#### [TASK INSTRUCTIONS]
The lines below are to be quoted exactly, from the first through the one that contains "v_real = gradient(s_real_cum)".

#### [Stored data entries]
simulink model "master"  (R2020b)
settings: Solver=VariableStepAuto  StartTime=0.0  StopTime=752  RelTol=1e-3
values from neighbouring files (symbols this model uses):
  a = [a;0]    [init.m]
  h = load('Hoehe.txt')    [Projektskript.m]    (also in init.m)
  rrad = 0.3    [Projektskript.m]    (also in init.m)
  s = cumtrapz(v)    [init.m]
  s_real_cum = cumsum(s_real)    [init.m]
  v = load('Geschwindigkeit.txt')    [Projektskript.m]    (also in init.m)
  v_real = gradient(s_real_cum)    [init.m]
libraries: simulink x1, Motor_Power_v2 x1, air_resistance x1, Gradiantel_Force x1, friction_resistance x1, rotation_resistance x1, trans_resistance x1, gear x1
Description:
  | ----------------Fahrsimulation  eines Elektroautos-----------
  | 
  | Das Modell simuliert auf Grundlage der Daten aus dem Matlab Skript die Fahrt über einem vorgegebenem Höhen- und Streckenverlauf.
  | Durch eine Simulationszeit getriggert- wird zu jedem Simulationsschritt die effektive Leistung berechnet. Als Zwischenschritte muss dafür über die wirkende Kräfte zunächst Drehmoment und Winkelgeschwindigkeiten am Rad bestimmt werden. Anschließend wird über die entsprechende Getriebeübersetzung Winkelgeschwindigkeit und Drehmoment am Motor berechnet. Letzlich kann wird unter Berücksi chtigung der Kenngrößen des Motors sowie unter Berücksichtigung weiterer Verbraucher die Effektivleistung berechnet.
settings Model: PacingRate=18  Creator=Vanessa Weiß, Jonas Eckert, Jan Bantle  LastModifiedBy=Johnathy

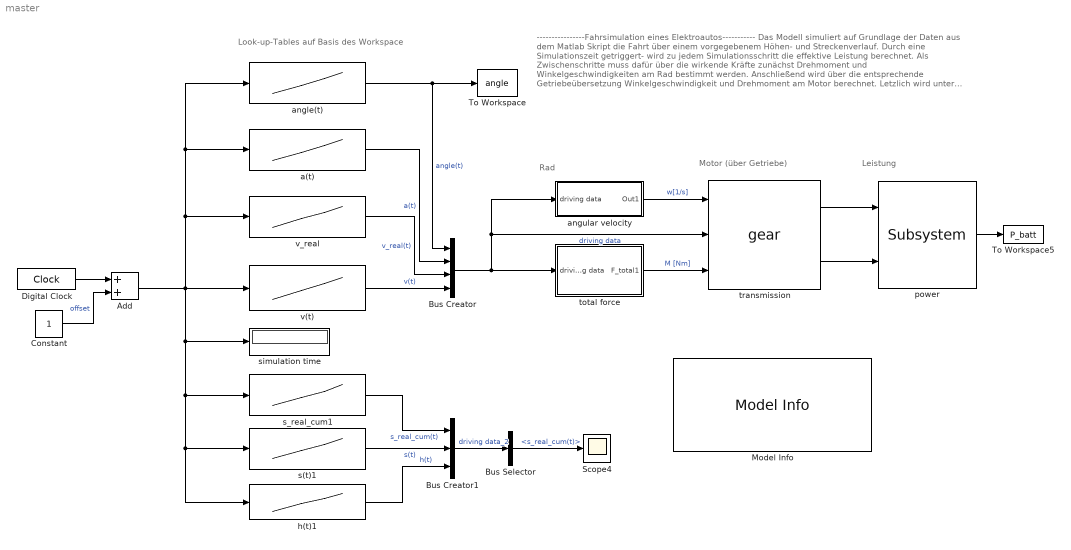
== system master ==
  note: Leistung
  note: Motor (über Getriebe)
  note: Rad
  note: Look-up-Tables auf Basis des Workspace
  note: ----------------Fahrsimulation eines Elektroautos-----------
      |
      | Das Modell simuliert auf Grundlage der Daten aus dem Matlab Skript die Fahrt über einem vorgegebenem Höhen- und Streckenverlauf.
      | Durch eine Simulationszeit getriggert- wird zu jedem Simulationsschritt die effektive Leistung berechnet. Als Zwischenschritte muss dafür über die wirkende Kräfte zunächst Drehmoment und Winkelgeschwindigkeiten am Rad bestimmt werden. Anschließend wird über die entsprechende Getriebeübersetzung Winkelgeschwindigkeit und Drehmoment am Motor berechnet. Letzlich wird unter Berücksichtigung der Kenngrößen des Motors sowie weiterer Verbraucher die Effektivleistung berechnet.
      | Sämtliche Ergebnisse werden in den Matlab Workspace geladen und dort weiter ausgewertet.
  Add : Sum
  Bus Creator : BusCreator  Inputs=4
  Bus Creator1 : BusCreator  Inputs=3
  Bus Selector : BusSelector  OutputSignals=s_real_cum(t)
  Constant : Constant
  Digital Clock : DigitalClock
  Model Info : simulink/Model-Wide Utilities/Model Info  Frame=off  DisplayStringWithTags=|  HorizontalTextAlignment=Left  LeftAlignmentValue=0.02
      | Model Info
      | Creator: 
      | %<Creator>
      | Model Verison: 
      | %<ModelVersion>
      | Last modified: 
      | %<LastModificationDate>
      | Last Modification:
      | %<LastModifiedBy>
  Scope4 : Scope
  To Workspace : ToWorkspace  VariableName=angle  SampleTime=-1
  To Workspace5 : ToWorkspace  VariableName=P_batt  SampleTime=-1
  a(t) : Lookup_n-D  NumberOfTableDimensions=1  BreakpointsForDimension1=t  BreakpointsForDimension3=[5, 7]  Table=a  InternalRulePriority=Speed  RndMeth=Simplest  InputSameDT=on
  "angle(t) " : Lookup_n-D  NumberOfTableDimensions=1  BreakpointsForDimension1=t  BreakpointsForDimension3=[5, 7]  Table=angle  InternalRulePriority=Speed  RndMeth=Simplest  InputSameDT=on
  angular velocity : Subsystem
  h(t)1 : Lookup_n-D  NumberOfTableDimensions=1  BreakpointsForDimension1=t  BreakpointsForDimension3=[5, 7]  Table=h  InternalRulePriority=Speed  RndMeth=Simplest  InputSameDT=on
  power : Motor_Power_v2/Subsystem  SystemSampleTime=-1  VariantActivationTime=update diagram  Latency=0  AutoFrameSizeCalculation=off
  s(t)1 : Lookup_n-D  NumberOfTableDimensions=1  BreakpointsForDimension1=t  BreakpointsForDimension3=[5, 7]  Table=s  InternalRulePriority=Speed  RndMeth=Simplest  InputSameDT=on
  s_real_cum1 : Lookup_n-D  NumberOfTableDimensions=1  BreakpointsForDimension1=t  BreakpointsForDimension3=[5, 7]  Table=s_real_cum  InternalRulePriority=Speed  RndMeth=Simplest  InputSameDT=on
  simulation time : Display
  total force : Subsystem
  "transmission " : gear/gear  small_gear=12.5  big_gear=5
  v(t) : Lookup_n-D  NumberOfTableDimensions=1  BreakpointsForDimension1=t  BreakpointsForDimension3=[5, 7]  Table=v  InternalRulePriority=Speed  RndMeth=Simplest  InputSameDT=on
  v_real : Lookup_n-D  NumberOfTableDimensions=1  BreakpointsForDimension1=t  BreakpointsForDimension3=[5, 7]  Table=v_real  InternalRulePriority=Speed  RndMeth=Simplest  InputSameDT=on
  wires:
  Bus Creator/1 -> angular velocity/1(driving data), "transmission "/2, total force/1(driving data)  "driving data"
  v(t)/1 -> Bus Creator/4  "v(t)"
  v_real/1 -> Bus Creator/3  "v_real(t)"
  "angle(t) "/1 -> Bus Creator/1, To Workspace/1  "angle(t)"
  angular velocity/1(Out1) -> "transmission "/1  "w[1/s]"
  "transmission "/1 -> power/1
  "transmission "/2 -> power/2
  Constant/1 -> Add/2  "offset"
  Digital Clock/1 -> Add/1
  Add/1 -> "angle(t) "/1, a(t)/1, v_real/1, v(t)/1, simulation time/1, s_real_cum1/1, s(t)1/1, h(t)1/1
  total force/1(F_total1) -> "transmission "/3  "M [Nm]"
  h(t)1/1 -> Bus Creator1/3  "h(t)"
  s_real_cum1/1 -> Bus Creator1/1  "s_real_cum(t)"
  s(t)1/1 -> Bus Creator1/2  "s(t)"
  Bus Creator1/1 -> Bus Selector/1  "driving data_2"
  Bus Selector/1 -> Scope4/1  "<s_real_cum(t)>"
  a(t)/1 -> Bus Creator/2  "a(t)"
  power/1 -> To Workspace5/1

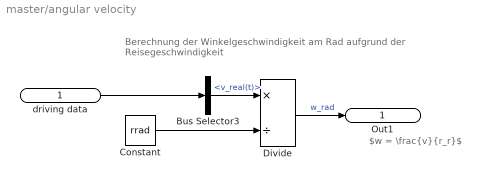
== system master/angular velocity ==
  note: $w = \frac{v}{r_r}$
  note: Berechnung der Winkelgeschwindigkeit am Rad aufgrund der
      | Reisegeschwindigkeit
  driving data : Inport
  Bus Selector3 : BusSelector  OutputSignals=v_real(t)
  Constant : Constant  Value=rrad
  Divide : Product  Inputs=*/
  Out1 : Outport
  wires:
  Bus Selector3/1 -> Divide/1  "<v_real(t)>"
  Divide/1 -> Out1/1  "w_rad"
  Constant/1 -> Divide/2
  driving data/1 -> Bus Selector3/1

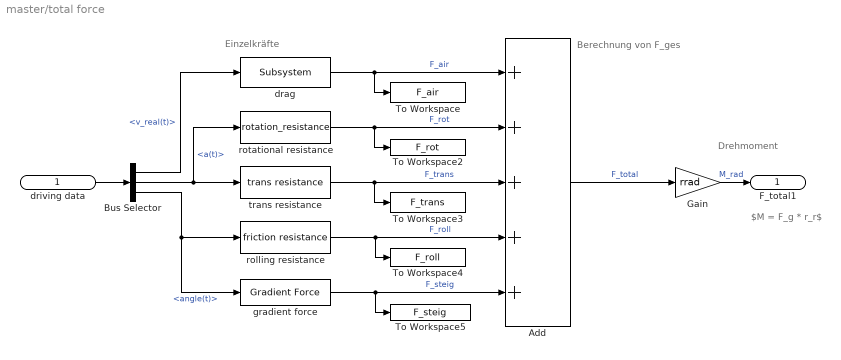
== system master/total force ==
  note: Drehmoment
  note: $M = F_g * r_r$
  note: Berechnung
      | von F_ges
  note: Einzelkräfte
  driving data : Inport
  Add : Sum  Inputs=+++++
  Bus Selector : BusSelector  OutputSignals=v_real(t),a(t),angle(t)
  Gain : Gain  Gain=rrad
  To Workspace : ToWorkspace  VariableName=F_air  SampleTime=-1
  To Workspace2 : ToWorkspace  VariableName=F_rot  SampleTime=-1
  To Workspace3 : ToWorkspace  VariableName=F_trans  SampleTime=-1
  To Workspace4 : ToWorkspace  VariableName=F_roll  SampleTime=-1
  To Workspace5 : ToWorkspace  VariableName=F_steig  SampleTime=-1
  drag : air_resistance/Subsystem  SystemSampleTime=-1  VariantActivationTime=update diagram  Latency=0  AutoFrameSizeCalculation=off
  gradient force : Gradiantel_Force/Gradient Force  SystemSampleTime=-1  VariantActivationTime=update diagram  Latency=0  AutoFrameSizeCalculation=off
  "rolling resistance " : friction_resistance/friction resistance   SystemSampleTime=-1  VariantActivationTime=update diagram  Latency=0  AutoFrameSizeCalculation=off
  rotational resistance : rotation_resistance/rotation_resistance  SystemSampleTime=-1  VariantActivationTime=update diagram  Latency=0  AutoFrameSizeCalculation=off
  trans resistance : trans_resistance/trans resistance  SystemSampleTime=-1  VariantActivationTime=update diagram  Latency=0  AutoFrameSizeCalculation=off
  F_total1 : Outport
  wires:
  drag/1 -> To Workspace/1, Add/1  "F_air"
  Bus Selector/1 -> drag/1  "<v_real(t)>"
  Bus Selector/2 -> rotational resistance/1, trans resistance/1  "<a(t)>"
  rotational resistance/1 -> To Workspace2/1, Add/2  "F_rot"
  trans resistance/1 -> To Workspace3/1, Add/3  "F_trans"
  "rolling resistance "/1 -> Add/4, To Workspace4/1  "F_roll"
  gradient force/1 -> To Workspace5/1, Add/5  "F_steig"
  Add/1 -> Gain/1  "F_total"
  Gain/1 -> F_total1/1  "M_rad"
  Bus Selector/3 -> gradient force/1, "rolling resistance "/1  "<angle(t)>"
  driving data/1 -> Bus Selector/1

#### [TASK ANSWER]
simulink model "master"  (R2020b)
settings: Solver=VariableStepAuto  StartTime=0.0  StopTime=752  RelTol=1e-3
values from neighbouring files (symbols this model uses):
  a = [a;0]    [init.m]
  h = load('Hoehe.txt')    [Projektskript.m]    (also in init.m)
  rrad = 0.3    [Projektskript.m]    (also in init.m)
  s = cumtrapz(v)    [init.m]
  s_real_cum = cumsum(s_real)    [init.m]
  v = load('Geschwindigkeit.txt')    [Projektskript.m]    (also in init.m)
  v_real = gradient(s_real_cum)    [init.m]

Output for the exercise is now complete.